Co-word analysis is a content analysis technique based on the assumption that the subject of a paper can be summarized in a limited number of key terms. If two terms co-occur within one paper,the two research topics they represent are related,and the higher frequency of the co-word means stronger correlation in terms pairs. However,the basic work of co-word analysis is still words and extremely sensitive to the selection of terms,and the quality of co-word analysis depends on a variety of factors,such as the quality of terms and indexes,the high-frequency terms extraction,and the adequacy of statistical methods. Therefore it is necessary to delve into the limitations of co-word analysis at different stages to improve and optimize it.
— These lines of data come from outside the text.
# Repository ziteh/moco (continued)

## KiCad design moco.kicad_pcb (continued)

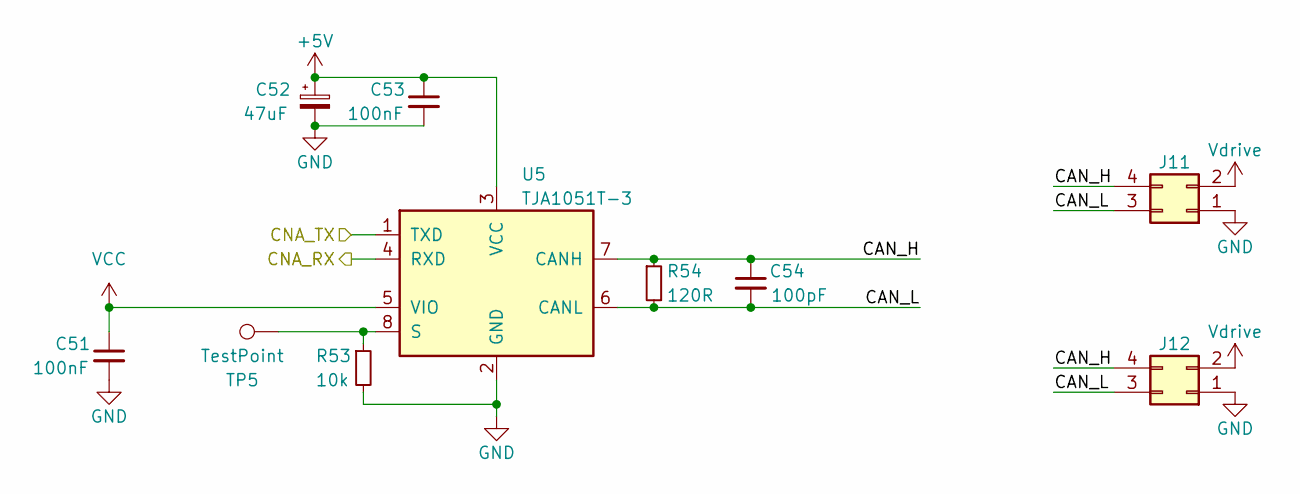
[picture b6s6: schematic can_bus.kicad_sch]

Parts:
C51, C53: 100nF; C_0402_1005Metric; MFR.Part # CL05B104KO5NNNC; JLCPCB Part # C1525
C52: 47uF; C_0402_1005Metric
C54: 100pF; C_0402_1005Metric
J11, J12: Conn_02x02_Top_Bottom; Molex 43045-0406 Micro-Fit 3.0 2x02P; MFR.Part # 430450406; JLCPCB Part # C505218
R53: 10k; R_0402_1005Metric; MFR.Part # 0402WGF1002TCE; JLCPCB Part # C25744
R54: 120R; R_0402_1005Metric; MFR.Part # 0402WGF1200TCE; JLCPCB Part # C25079
TP5: TestPoint; TestPoint_Pad_D2.0mm
U5: TJA1051T-3; SOIC-8_3.9x4.9mm_P1.27mm; MFR.Part # TJA1051T/3/1J; JLCPCB Part # C38695

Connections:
+5V: C52.1, C53.1, U5.3 (VCC); also elsewhere on the board
/CAN BUS/CAN_H: C54.1, J11.4, J12.4, R54.1, U5.7 (CANH)
/CAN BUS/CAN_L: C54.2, J11.3, J12.3, R54.2, U5.6 (CANL)
/CNA_RX: U5.4 (RXD); also elsewhere on the board
/CNA_TX: U5.1 (TXD); also elsewhere on the board
unnamed: R53.1, TP5.1, U5.8 (S)
VCC: C51.1, U5.5 (VIO); also elsewhere on the board

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
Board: 4 copper layers, 203 parts (36 on the bottom side), 150 nets, no tracks yet.

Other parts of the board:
C58: 1uF; C_0402_1005Metric
C59: 100nF; C_0402_1005Metric
J10: Conn_01x03; AMASS MR30PB-F
J13: Conn_01x02; PhoenixContact_GMSTBA_2,5_2-G-7,62_1x02_P7.62mm_Horizontal
R60, R61, R62: 10k; R_0402_1005Metric
U7: AS5047x; TSSOP-14_4.4x5mm_P0.65mm

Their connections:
/AS5047x_A: U7.7 (A); also elsewhere on the board
/AS5047x_B: U7.6 (B); also elsewhere on the board
/AS5047x_I: U7.14 (I/PWM); also elsewhere on the board
/Motor Driver/SH_A: J10.1; also elsewhere on the board
/Motor Driver/SH_B: J10.2; also elsewhere on the board
/Motor Driver/SH_C: J10.3; also elsewhere on the board
/SPI_CLK: R61.1, U7.2 (CLK); also elsewhere on the board
/SPI_MISO: U7.3 (MISO); also elsewhere on the board
/SPI_MOSI: R60.1, U7.4 (MOSI); also elsewhere on the board
/SPI_~CS_AS5047x: R62.2, U7.1 (~CS); also elsewhere on the board
unnamed 104: J13.1; also elsewhere on the board
VCC: C58.1, C59.1, R62.1, U7.11 (VDD), U7.12 (VDD3V3); also elsewhere on the board

The co-word analysis conducted in the present study involved six sequential steps: determination of problem analysis,term source selection,high-frequency terms extraction,relevance calculation of terms,multivariate statistical analysis,and visual presentation of results. This paper focuses on those six key issues to analyze and demonstrate the main problems based on the induction and summarization of the existing relevant research. Results indicate the following conclusions. 1) In the term source selection,solely making use of keywords and index words,which is called “indexer effect” by researchers,is the biggest problem of early co-word analysis. Keywords are uncontrolled words,and problems of homonyms and synonyms will be brought out. Meanwhile,terms expression differences exist among different parts of analysis units,and some errors of co-word analysis will be induced if those differences are ignored. In order to solve the above problems,the textual semantic structure and the phenomenon of different quality with different quantity of terms can be considered. 2) Researchers engaged in co-word analysis have never been out of the pattern that adopts high-frequency term to develop the multivariate statistical analysis. The extraction of high-frequency terms not only makes low-frequency terms more marginalized,but also causes isolation of high-frequency terms that have low correlation with clusters. Considering the discipline and multi-semantic types of terms to distinguish the representation capabilities of subject areas,we can have a comprehensive and in-depth understanding of the research characteristics of this field. 3) Two co-occurrence terms may correlate each other directly or indirectly,but these semantic relationships between co-occurrence terms are not considered at all,which may affect the soundness of the results of co-word analysis ultimately. Thus we summarize the existing calculation methods of semantic correlation and point out the limitations of each method. 4) Finally,in the multivariate statistical analysis,taking the co-word clustering and co-word association analysis method as example,we discuss the problems of their application in the new data environment and put forward the improvement method and suggestion.
Co-word analysis has been most commonly utilized in mapping or tracing patterns and trends in term association. Although co-word analysis has been improved in many aspects,it still has some limitations. This paper tries to provide theoretical and operational references for co-word analysis researchers and enhancing the reliability and effectiveness of co-word analysis,and it is of great significance to jump out of the traditional theory and practice strategy of co-word analysis. 1 fig. 82 refs.